Investment figures from the first two months of 2018 put PEZA’s concerns into sharp relief. After warning about the imminent effects of TRAIN, approved investments in PEZA projects fell by 21.7% year-on-year in the January-February period, from P26.8bn ($529m) to P21bn ($395m). During the same period, however, the value of investment projects approved by the Board of Investments registered four-fold growth, from P26.2bn ($518m) to P132bn ($2.6bn). This represented 86.2% of the total approved investments registered with the two bodies. Noting that PEZA, foreign business chambers and foreign embassies submitted petitions to both Congress and the Department of Foreign Affairs to keep incentives in place, PEZA reported that the declining investment figures were not a result of not the agency’s performance, but rather due to investor fears over the future of economic zone incentives.
Other incentives will reportedly not be affected, and just days after the new investment data was revealed, the Philippine Exporters Confederation announced that PEZA issued a memorandum circular reiterating that the VAT zero-rating incentive on sales of goods and services would remain in place. The Department of Finance clarified confusion over the TRAIN laws, reporting to PEZA that the programme would not affect VAT incentives.

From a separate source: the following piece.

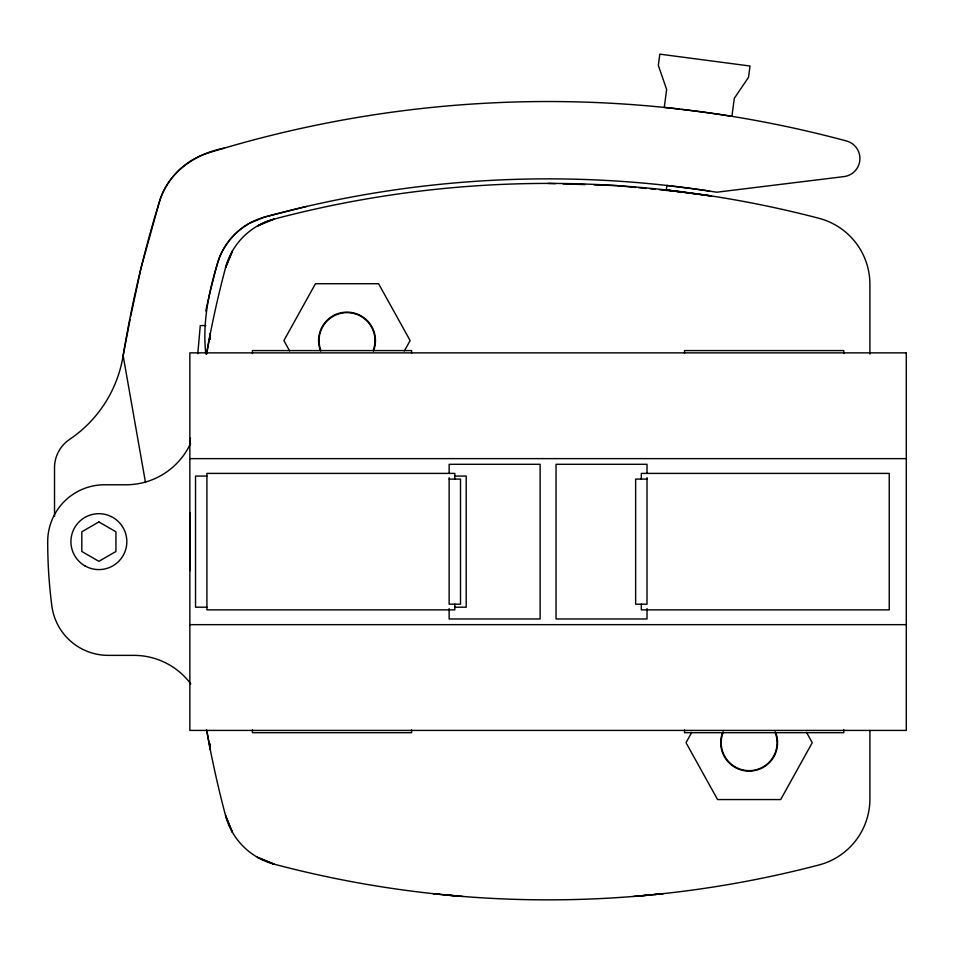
<?xml version="1.0" encoding="UTF-8"?>
<svg xmlns="http://www.w3.org/2000/svg" width="954" height="954" viewBox="0 0 954 954"><rect width="100%" height="100%" fill="white"/><g stroke="black" fill="none" stroke-linecap="round" stroke-linejoin="round"><path stroke-width="1.43" d="M189.703 445.482L190.359 438.089M197.8 353.695L200.28 325.564L205.778 325.564M666.321 189.834L666.906 185.47L696.289 189.166M716.895 114.003L731.921 116.34L734.282 98.357L748.532 77.286L750.011 66.017L659.81 54.139L658.332 65.421L666.643 89.449L664.27 107.42L679.331 109.054M54.521 516.412L54.521 467.71A34.117 34.117 0 0 1 69.57 439.424A125.093 125.093 0 0 0 123.09 355.937L123.138 355.639A1148.592 1148.592 0 0 1 159.425 201.711C167.797 172.65 195.188 153.618 223.987 148.204M206.696 353.958L210.321 333.435L210.321 339.385M123.09 355.937L130.09 319.518M130.65 316.609L141.061 267.919L159.425 201.711A73.923 73.923 0 0 1 208.151 152.986A1148.592 1148.592 0 0 1 846.472 140.965A18.198 18.198 0 0 1 843.956 176.597L716.728 192.219A1071.259 1071.259 0 0 0 264.747 217.011L249.554 223.224M205.778 353.779C202.212 320.771 209.403 288.537 219.48 257.365C225.251 243.508 235.364 231.393 248.457 223.916M228.721 259.953L225.573 267.597A1068.981 1068.981 0 0 0 206.434 354.113M229.771 257.413L232.394 251.045L225.573 267.597A68.235 68.235 0 0 1 274.036 219.134A1068.981 1068.981 0 0 1 818.961 218.299A68.235 68.235 0 0 1 869.905 284.304L869.905 354.125M404.389 350.917L410.137 340.578L378.571 283.72L315.464 283.72L283.898 340.578L289.634 350.917M691.757 732.362L686.021 742.701L717.575 799.559L780.694 799.559L812.248 742.701L806.512 732.362M307.009 206.338L264.747 217.011A68.235 68.235 0 0 0 216.856 265.284A1075.862 1075.862 0 0 0 205.778 310.968M662.195 893.755L663.364 893.624M662.923 893.671L639.24 895.961M654.671 894.53L656.65 894.327M650.091 894.983L633.373 896.45M189.858 458.624L906.3 458.624M206.911 476.07L195.534 476.07L195.534 607.197L206.911 607.197M454.819 476.07L466.196 476.07L466.196 607.197L454.819 607.197M449.143 479.087L460.508 479.087L460.508 604.18L449.143 604.18L449.143 477.692M647.015 479.087L635.638 479.087L635.638 604.18L647.015 604.18L647.015 477.692M189.858 624.655L906.3 624.655M548.073 183.406L555.514 183.645M562.955 183.883L585.267 184.599M594.187 184.885L616.499 185.601L635.758 187.461M462.785 896.45L446.043 894.983M456.883 895.961L443.693 894.745M638.715 187.747L646.12 188.463M650.568 188.892L655.016 189.309M659.452 189.739L684.638 192.171M443.67 894.745L433.223 893.671L433.963 893.755M437.731 894.148L439.484 894.327M674.466 191.098L664.079 189.727M663.614 189.667L711.529 195.987L698.578 194.27M676.565 191.384L683.207 192.255M685.413 192.541L696.396 193.984M697.636 189.357L703.003 190.12M704.135 190.287L709.18 191.05M731.265 116.233L731.921 116.34M206.887 730.919L210.321 749.832L210.321 743.881M123.138 355.639L145.497 482.497M869.905 730.537L869.905 798.963A68.235 68.235 0 0 1 818.961 864.968A1068.981 1068.981 0 0 1 274.036 864.133L257.485 857.324L274.036 864.133A68.235 68.235 0 0 1 225.573 815.67A1068.981 1068.981 0 0 1 206.529 729.738M843.753 353.54L843.753 350.583L684.543 350.583L684.543 353.314M843.753 729.727L843.753 732.684L684.543 732.684L684.543 729.953M647.015 473.232L647.015 464.3L556.039 464.3L556.039 618.967L647.015 618.967L647.015 608.557M641.326 479.087L641.326 473.399L889.247 473.399L889.247 609.868L641.326 609.868L641.326 604.18M454.819 479.087L454.819 473.399L206.911 473.399L206.911 609.868L454.819 609.868L454.819 604.18M449.143 473.232L449.143 464.3L540.119 464.3L540.119 618.967L449.143 618.967L449.143 608.557M411.615 353.314L411.615 350.583L252.405 350.583L252.405 353.54M411.615 729.953L411.615 732.684L252.405 732.684L252.405 729.727M190.251 570.659A1068.981 1068.981 0 0 1 190.251 512.608M775.566 732.231A28.429 28.429 0 0 1 749.14 771.13A28.429 28.429 0 0 1 722.703 732.231M320.58 351.036A28.429 28.429 0 0 1 347.017 312.149A28.429 28.429 0 0 1 373.455 351.036M190.776 683.875A71.073 71.073 0 0 0 133.858 655.362L108.219 655.362A56.858 56.858 0 0 1 51.826 605.79A500.385 500.385 0 0 1 47.7 541.633A56.858 56.858 0 0 1 104.558 484.775L125.976 484.775A71.073 71.073 0 0 0 190.538 443.419M681.323 109.4A34.105 0.787 7.4 0 1 715.929 113.92M774.97 731.992A27.964 27.964 0 0 1 749.14 770.653A27.964 27.964 0 0 1 723.311 731.992M320.699 350.011A27.964 27.964 0 0 1 347.017 312.614A27.964 27.964 0 0 1 373.336 350.011M98.87 521.933L81.817 531.783L81.817 551.484L98.87 561.334L115.935 551.484L115.935 531.783L98.87 521.933M265.534 221.996L257.485 225.955L274.036 219.134L265.534 221.996M906.3 352.861L189.858 352.861L189.858 730.418L906.3 730.418L906.3 352.861M232.394 832.222L225.573 815.67L232.394 832.222M84.894 565.853A27.964 27.964 0 0 0 126.834 541.633A27.964 27.964 0 0 0 84.894 517.426A27.964 27.964 0 0 0 84.894 565.853"/></g></svg>

Section 8 of the Republic Act – Law No. 7916, otherwise known as the Special Economic Zone Act of 1995 – provides that special economic zones are to be operated and managed as separate Customs territory. This law has not been amended or repealed by the TRAIN act, so the VAT exemption incentive for businesses in PEZA zones will remain in effect.
While uncertainty remains regarding the full extent of proposed incentive rationalisation, economic zones remain critical to attracting export-oriented and manufacturing investment. Despite the potential for near-term shocks from reforms, the corresponding improvement in supportive infrastructure bolsters the long-term outlook for economic zones.